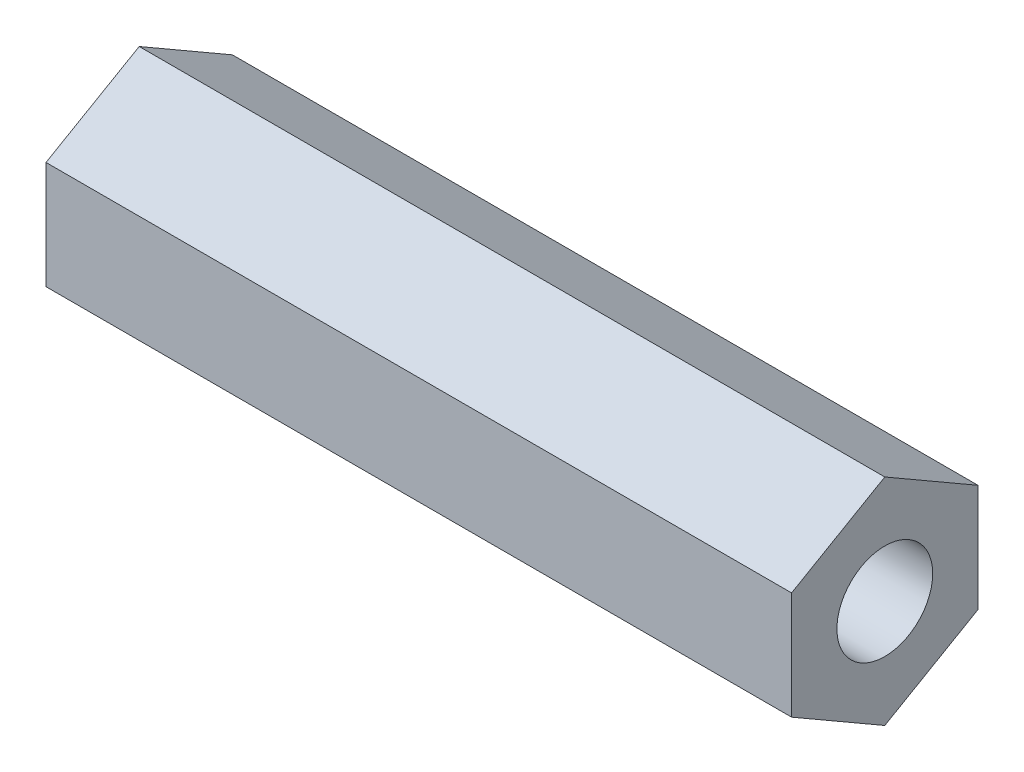
ISO-10303-21;
HEADER;
FILE_DESCRIPTION(('STEP AP214'),'2;1');
FILE_NAME('part.step','',(''),(''),'','','');
FILE_SCHEMA(('AUTOMOTIVE_DESIGN { 1 0 10303 214 1 1 1 1 }'));
ENDSEC;
DATA;
#1=APPLICATION_CONTEXT('core data for automotive mechanical design processes');
#2=APPLICATION_PROTOCOL_DEFINITION('international standard','automotive_design',2000,#1);
#3=PRODUCT_CONTEXT('',#1,'mechanical');
#4=PRODUCT('Part','Part','',(#3));
#5=PRODUCT_RELATED_PRODUCT_CATEGORY('part','',(#4));
#6=PRODUCT_DEFINITION_FORMATION('','',#4);
#7=PRODUCT_DEFINITION_CONTEXT('part definition',#1,'design');
#8=PRODUCT_DEFINITION('design','',#6,#7);
#9=PRODUCT_DEFINITION_SHAPE('','',#8);
#10=(LENGTH_UNIT() NAMED_UNIT(*) SI_UNIT(.MILLI.,.METRE.));
#11=(NAMED_UNIT(*) PLANE_ANGLE_UNIT() SI_UNIT($,.RADIAN.));
#12=(NAMED_UNIT(*) SI_UNIT($,.STERADIAN.) SOLID_ANGLE_UNIT());
#13=UNCERTAINTY_MEASURE_WITH_UNIT(LENGTH_MEASURE(1.E-05),#10,'distance_accuracy_value','');
#14=(GEOMETRIC_REPRESENTATION_CONTEXT(3) GLOBAL_UNCERTAINTY_ASSIGNED_CONTEXT((#13)) GLOBAL_UNIT_ASSIGNED_CONTEXT((#10,
#11,#12)) REPRESENTATION_CONTEXT('',''));
#15=CARTESIAN_POINT('',(0.,0.,0.));
#16=DIRECTION('',(0.,0.,1.));
#17=DIRECTION('',(1.,0.,0.));
#18=AXIS2_PLACEMENT_3D('',#15,#16,#17);
#19=CARTESIAN_POINT('',(50.8,0.,0.));
#20=DIRECTION('',(1.,0.,0.));
#21=DIRECTION('',(0.,0.,-1.));
#22=AXIS2_PLACEMENT_3D('',#19,#20,#21);
#23=PLANE('',#22);
#24=DIRECTION('',(0.,0.499999999999995,0.866025403784441));
#25=VECTOR('',#24,1.);
#26=CARTESIAN_POINT('',(50.8,3.66617420935419,-6.34999999999995));
#27=LINE('',#26,#25);
#28=CARTESIAN_POINT('',(50.8,3.66617420935419,-6.34999999999995));
#29=VERTEX_POINT('',#28);
#30=CARTESIAN_POINT('',(50.8,7.33234841870824,0.));
#31=VERTEX_POINT('',#30);
#32=EDGE_CURVE('E146',#29,#31,#27,.T.);
#33=ORIENTED_EDGE('',*,*,#32,.T.);
#34=DIRECTION('',(0.,-0.500000000000001,0.866025403784438));
#35=VECTOR('',#34,1.);
#36=CARTESIAN_POINT('',(50.8,7.33234841870824,0.));
#37=LINE('',#36,#35);
#38=CARTESIAN_POINT('',(50.8,3.6661742093541,6.35));
#39=VERTEX_POINT('',#38);
#40=EDGE_CURVE('E94',#31,#39,#37,.T.);
#41=ORIENTED_EDGE('',*,*,#40,.T.);
#42=DIRECTION('',(0.,-1.,0.));
#43=VECTOR('',#42,1.);
#44=CARTESIAN_POINT('',(50.8,3.6661742093541,6.35));
#45=LINE('',#44,#43);
#46=CARTESIAN_POINT('',(50.8,-3.66617420935415,6.34999999999997));
#47=VERTEX_POINT('',#46);
#48=EDGE_CURVE('E107',#39,#47,#45,.T.);
#49=ORIENTED_EDGE('',*,*,#48,.T.);
#50=DIRECTION('',(0.,-0.499999999999995,-0.866025403784442));
#51=VECTOR('',#50,1.);
#52=CARTESIAN_POINT('',(50.8,-3.66617420935415,6.34999999999997));
#53=LINE('',#52,#51);
#54=CARTESIAN_POINT('',(50.8,-7.33234841870823,0.));
#55=VERTEX_POINT('',#54);
#56=EDGE_CURVE('E101',#47,#55,#53,.T.);
#57=ORIENTED_EDGE('',*,*,#56,.T.);
#58=DIRECTION('',(0.,0.500000000000007,-0.866025403784435));
#59=VECTOR('',#58,1.);
#60=CARTESIAN_POINT('',(50.8,-7.33234841870823,0.));
#61=LINE('',#60,#59);
#62=CARTESIAN_POINT('',(50.8,-3.66617420935406,-6.35000000000002));
#63=VERTEX_POINT('',#62);
#64=EDGE_CURVE('E105',#55,#63,#61,.T.);
#65=ORIENTED_EDGE('',*,*,#64,.T.);
#66=DIRECTION('',(0.,1.,0.));
#67=VECTOR('',#66,1.);
#68=CARTESIAN_POINT('',(50.8,-3.66617420935406,-6.35000000000002));
#69=LINE('',#68,#67);
#70=EDGE_CURVE('E57',#63,#29,#69,.T.);
#71=ORIENTED_EDGE('',*,*,#70,.T.);
#72=EDGE_LOOP('',(#33,#41,#49,#57,#65,#71));
#73=FACE_BOUND('',#72,.T.);
#74=CARTESIAN_POINT('',(50.8,0.,0.));
#75=DIRECTION('',(1.,0.,0.));
#76=DIRECTION('',(0.,0.,-1.));
#77=AXIS2_PLACEMENT_3D('',#74,#75,#76);
#78=CIRCLE('',#77,3.2639);
#79=CARTESIAN_POINT('',(50.8,0.,-3.2639));
#80=VERTEX_POINT('',#79);
#81=EDGE_CURVE('E134',#80,#80,#78,.T.);
#82=ORIENTED_EDGE('',*,*,#81,.F.);
#83=EDGE_LOOP('',(#82));
#84=FACE_BOUND('',#83,.T.);
#85=ADVANCED_FACE('F39',(#73,#84),#23,.T.);
#86=CARTESIAN_POINT('',(0.,0.,0.));
#87=DIRECTION('',(1.,0.,0.));
#88=DIRECTION('',(0.,0.,-1.));
#89=AXIS2_PLACEMENT_3D('',#86,#87,#88);
#90=PLANE('',#89);
#91=DIRECTION('',(0.,0.499999999999995,0.866025403784441));
#92=VECTOR('',#91,1.);
#93=CARTESIAN_POINT('',(0.,3.66617420935419,-6.34999999999995));
#94=LINE('',#93,#92);
#95=CARTESIAN_POINT('',(0.,3.66617420935419,-6.34999999999995));
#96=VERTEX_POINT('',#95);
#97=CARTESIAN_POINT('',(0.,7.33234841870824,0.));
#98=VERTEX_POINT('',#97);
#99=EDGE_CURVE('E129',#96,#98,#94,.T.);
#100=ORIENTED_EDGE('',*,*,#99,.F.);
#101=DIRECTION('',(0.,1.,0.));
#102=VECTOR('',#101,1.);
#103=CARTESIAN_POINT('',(0.,-3.66617420935406,-6.35000000000002));
#104=LINE('',#103,#102);
#105=CARTESIAN_POINT('',(0.,-3.66617420935406,-6.35000000000002));
#106=VERTEX_POINT('',#105);
#107=EDGE_CURVE('E86',#106,#96,#104,.T.);
#108=ORIENTED_EDGE('',*,*,#107,.F.);
#109=DIRECTION('',(0.,0.500000000000007,-0.866025403784435));
#110=VECTOR('',#109,1.);
#111=CARTESIAN_POINT('',(0.,-7.33234841870823,0.));
#112=LINE('',#111,#110);
#113=CARTESIAN_POINT('',(0.,-7.33234841870823,0.));
#114=VERTEX_POINT('',#113);
#115=EDGE_CURVE('E80',#114,#106,#112,.T.);
#116=ORIENTED_EDGE('',*,*,#115,.F.);
#117=DIRECTION('',(0.,-0.499999999999995,-0.866025403784442));
#118=VECTOR('',#117,1.);
#119=CARTESIAN_POINT('',(0.,-3.66617420935415,6.34999999999997));
#120=LINE('',#119,#118);
#121=CARTESIAN_POINT('',(0.,-3.66617420935415,6.34999999999997));
#122=VERTEX_POINT('',#121);
#123=EDGE_CURVE('E116',#122,#114,#120,.T.);
#124=ORIENTED_EDGE('',*,*,#123,.F.);
#125=DIRECTION('',(0.,-1.,0.));
#126=VECTOR('',#125,1.);
#127=CARTESIAN_POINT('',(0.,3.6661742093541,6.35));
#128=LINE('',#127,#126);
#129=CARTESIAN_POINT('',(0.,3.6661742093541,6.35));
#130=VERTEX_POINT('',#129);
#131=EDGE_CURVE('E137',#130,#122,#128,.T.);
#132=ORIENTED_EDGE('',*,*,#131,.F.);
#133=DIRECTION('',(0.,-0.500000000000001,0.866025403784438));
#134=VECTOR('',#133,1.);
#135=CARTESIAN_POINT('',(0.,7.33234841870824,0.));
#136=LINE('',#135,#134);
#137=EDGE_CURVE('E133',#98,#130,#136,.T.);
#138=ORIENTED_EDGE('',*,*,#137,.F.);
#139=EDGE_LOOP('',(#100,#108,#116,#124,#132,#138));
#140=FACE_BOUND('',#139,.T.);
#141=CARTESIAN_POINT('',(0.,0.,0.));
#142=DIRECTION('',(1.,0.,0.));
#143=DIRECTION('',(0.,0.,-1.));
#144=AXIS2_PLACEMENT_3D('',#141,#142,#143);
#145=CIRCLE('',#144,3.2639);
#146=CARTESIAN_POINT('',(0.,0.,-3.2639));
#147=VERTEX_POINT('',#146);
#148=EDGE_CURVE('E243',#147,#147,#145,.T.);
#149=ORIENTED_EDGE('',*,*,#148,.T.);
#150=EDGE_LOOP('',(#149));
#151=FACE_BOUND('',#150,.T.);
#152=ADVANCED_FACE('F159',(#140,#151),#90,.F.);
#153=CARTESIAN_POINT('',(50.8,3.66617420935419,-6.34999999999995));
#154=DIRECTION('',(0.,-0.866025403784441,0.499999999999995));
#155=DIRECTION('',(0.,-0.499999999999995,-0.866025403784441));
#156=AXIS2_PLACEMENT_3D('',#153,#154,#155);
#157=PLANE('',#156);
#158=ORIENTED_EDGE('',*,*,#99,.T.);
#159=DIRECTION('',(-1.,0.,0.));
#160=VECTOR('',#159,1.);
#161=CARTESIAN_POINT('',(50.8,7.33234841870824,0.));
#162=LINE('',#161,#160);
#163=EDGE_CURVE('E11',#31,#98,#162,.T.);
#164=ORIENTED_EDGE('',*,*,#163,.F.);
#165=ORIENTED_EDGE('',*,*,#32,.F.);
#166=DIRECTION('',(-1.,0.,0.));
#167=VECTOR('',#166,1.);
#168=CARTESIAN_POINT('',(50.8,3.66617420935419,-6.34999999999995));
#169=LINE('',#168,#167);
#170=EDGE_CURVE('E125',#29,#96,#169,.T.);
#171=ORIENTED_EDGE('',*,*,#170,.T.);
#172=EDGE_LOOP('',(#158,#164,#165,#171));
#173=FACE_BOUND('',#172,.T.);
#174=ADVANCED_FACE('F41',(#173),#157,.F.);
#175=CARTESIAN_POINT('',(50.8,7.33234841870824,0.));
#176=DIRECTION('',(0.,-0.866025403784438,-0.500000000000001));
#177=DIRECTION('',(0.,0.500000000000001,-0.866025403784438));
#178=AXIS2_PLACEMENT_3D('',#175,#176,#177);
#179=PLANE('',#178);
#180=ORIENTED_EDGE('',*,*,#137,.T.);
#181=DIRECTION('',(-1.,0.,0.));
#182=VECTOR('',#181,1.);
#183=CARTESIAN_POINT('',(50.8,3.6661742093541,6.35));
#184=LINE('',#183,#182);
#185=EDGE_CURVE('E49',#39,#130,#184,.T.);
#186=ORIENTED_EDGE('',*,*,#185,.F.);
#187=ORIENTED_EDGE('',*,*,#40,.F.);
#188=ORIENTED_EDGE('',*,*,#163,.T.);
#189=EDGE_LOOP('',(#180,#186,#187,#188));
#190=FACE_BOUND('',#189,.T.);
#191=ADVANCED_FACE('F184',(#190),#179,.F.);
#192=CARTESIAN_POINT('',(50.8,3.6661742093541,6.35));
#193=DIRECTION('',(0.,0.,-1.));
#194=DIRECTION('',(0.,1.,0.));
#195=AXIS2_PLACEMENT_3D('',#192,#193,#194);
#196=PLANE('',#195);
#197=ORIENTED_EDGE('',*,*,#131,.T.);
#198=DIRECTION('',(-1.,0.,0.));
#199=VECTOR('',#198,1.);
#200=CARTESIAN_POINT('',(50.8,-3.66617420935415,6.34999999999997));
#201=LINE('',#200,#199);
#202=EDGE_CURVE('E118',#47,#122,#201,.T.);
#203=ORIENTED_EDGE('',*,*,#202,.F.);
#204=ORIENTED_EDGE('',*,*,#48,.F.);
#205=ORIENTED_EDGE('',*,*,#185,.T.);
#206=EDGE_LOOP('',(#197,#203,#204,#205));
#207=FACE_BOUND('',#206,.T.);
#208=ADVANCED_FACE('F156',(#207),#196,.F.);
#209=CARTESIAN_POINT('',(50.8,-3.66617420935415,6.34999999999997));
#210=DIRECTION('',(0.,0.866025403784442,-0.499999999999995));
#211=DIRECTION('',(0.,0.499999999999995,0.866025403784442));
#212=AXIS2_PLACEMENT_3D('',#209,#210,#211);
#213=PLANE('',#212);
#214=ORIENTED_EDGE('',*,*,#123,.T.);
#215=DIRECTION('',(-1.,0.,0.));
#216=VECTOR('',#215,1.);
#217=CARTESIAN_POINT('',(50.8,-7.33234841870823,0.));
#218=LINE('',#217,#216);
#219=EDGE_CURVE('E113',#55,#114,#218,.T.);
#220=ORIENTED_EDGE('',*,*,#219,.F.);
#221=ORIENTED_EDGE('',*,*,#56,.F.);
#222=ORIENTED_EDGE('',*,*,#202,.T.);
#223=EDGE_LOOP('',(#214,#220,#221,#222));
#224=FACE_BOUND('',#223,.T.);
#225=ADVANCED_FACE('F114',(#224),#213,.F.);
#226=CARTESIAN_POINT('',(50.8,-7.33234841870823,0.));
#227=DIRECTION('',(0.,0.866025403784434,0.500000000000007));
#228=DIRECTION('',(0.,-0.500000000000007,0.866025403784435));
#229=AXIS2_PLACEMENT_3D('',#226,#227,#228);
#230=PLANE('',#229);
#231=ORIENTED_EDGE('',*,*,#115,.T.);
#232=DIRECTION('',(-1.,0.,0.));
#233=VECTOR('',#232,1.);
#234=CARTESIAN_POINT('',(50.8,-3.66617420935406,-6.35000000000002));
#235=LINE('',#234,#233);
#236=EDGE_CURVE('E119',#63,#106,#235,.T.);
#237=ORIENTED_EDGE('',*,*,#236,.F.);
#238=ORIENTED_EDGE('',*,*,#64,.F.);
#239=ORIENTED_EDGE('',*,*,#219,.T.);
#240=EDGE_LOOP('',(#231,#237,#238,#239));
#241=FACE_BOUND('',#240,.T.);
#242=ADVANCED_FACE('F121',(#241),#230,.F.);
#243=CARTESIAN_POINT('',(50.8,-3.66617420935406,-6.35000000000002));
#244=DIRECTION('',(0.,0.,1.));
#245=DIRECTION('',(0.,-1.,0.));
#246=AXIS2_PLACEMENT_3D('',#243,#244,#245);
#247=PLANE('',#246);
#248=ORIENTED_EDGE('',*,*,#107,.T.);
#249=ORIENTED_EDGE('',*,*,#170,.F.);
#250=ORIENTED_EDGE('',*,*,#70,.F.);
#251=ORIENTED_EDGE('',*,*,#236,.T.);
#252=EDGE_LOOP('',(#248,#249,#250,#251));
#253=FACE_BOUND('',#252,.T.);
#254=ADVANCED_FACE('F164',(#253),#247,.F.);
#255=CARTESIAN_POINT('',(50.8,0.,0.));
#256=DIRECTION('',(-1.,0.,0.));
#257=DIRECTION('',(0.,0.,1.));
#258=AXIS2_PLACEMENT_3D('',#255,#256,#257);
#259=CYLINDRICAL_SURFACE('',#258,3.2639);
#260=ORIENTED_EDGE('',*,*,#81,.T.);
#261=EDGE_LOOP('',(#260));
#262=FACE_BOUND('',#261,.T.);
#263=ORIENTED_EDGE('',*,*,#148,.F.);
#264=EDGE_LOOP('',(#263));
#265=FACE_BOUND('',#264,.T.);
#266=ADVANCED_FACE('F166',(#262,#265),#259,.F.);
#267=CLOSED_SHELL('',(#85,#152,#174,#191,#208,#225,#242,#254,#266));
#268=MANIFOLD_SOLID_BREP('B2',#267);
#269=ADVANCED_BREP_SHAPE_REPRESENTATION('',(#18,#268),#14);
#270=SHAPE_DEFINITION_REPRESENTATION(#9,#269);
ENDSEC;
END-ISO-10303-21;
-=-=-
▶ _Exercise instructions_: Having found the line that contains "#235=LINE('',#234,#233);", set down that line and all the rest through the end of the records, exactly.

▶ _Written answer_:
#235=LINE('',#234,#233);
#236=EDGE_CURVE('E119',#63,#106,#235,.T.);
#237=ORIENTED_EDGE('',*,*,#236,.F.);
#238=ORIENTED_EDGE('',*,*,#64,.F.);
#239=ORIENTED_EDGE('',*,*,#219,.T.);
#240=EDGE_LOOP('',(#231,#237,#238,#239));
#241=FACE_BOUND('',#240,.T.);
#242=ADVANCED_FACE('F121',(#241),#230,.F.);
#243=CARTESIAN_POINT('',(50.8,-3.66617420935406,-6.35000000000002));
#244=DIRECTION('',(0.,0.,1.));
#245=DIRECTION('',(0.,-1.,0.));
#246=AXIS2_PLACEMENT_3D('',#243,#244,#245);
#247=PLANE('',#246);
#248=ORIENTED_EDGE('',*,*,#107,.T.);
#249=ORIENTED_EDGE('',*,*,#170,.F.);
#250=ORIENTED_EDGE('',*,*,#70,.F.);
#251=ORIENTED_EDGE('',*,*,#236,.T.);
#252=EDGE_LOOP('',(#248,#249,#250,#251));
#253=FACE_BOUND('',#252,.T.);
#254=ADVANCED_FACE('F164',(#253),#247,.F.);
#255=CARTESIAN_POINT('',(50.8,0.,0.));
#256=DIRECTION('',(-1.,0.,0.));
#257=DIRECTION('',(0.,0.,1.));
#258=AXIS2_PLACEMENT_3D('',#255,#256,#257);
#259=CYLINDRICAL_SURFACE('',#258,3.2639);
#260=ORIENTED_EDGE('',*,*,#81,.T.);
#261=EDGE_LOOP('',(#260));
#262=FACE_BOUND('',#261,.T.);
#263=ORIENTED_EDGE('',*,*,#148,.F.);
#264=EDGE_LOOP('',(#263));
#265=FACE_BOUND('',#264,.T.);
#266=ADVANCED_FACE('F166',(#262,#265),#259,.F.);
#267=CLOSED_SHELL('',(#85,#152,#174,#191,#208,#225,#242,#254,#266));
#268=MANIFOLD_SOLID_BREP('B2',#267);
#269=ADVANCED_BREP_SHAPE_REPRESENTATION('',(#18,#268),#14);
#270=SHAPE_DEFINITION_REPRESENTATION(#9,#269);
ENDSEC;
END-ISO-10303-21;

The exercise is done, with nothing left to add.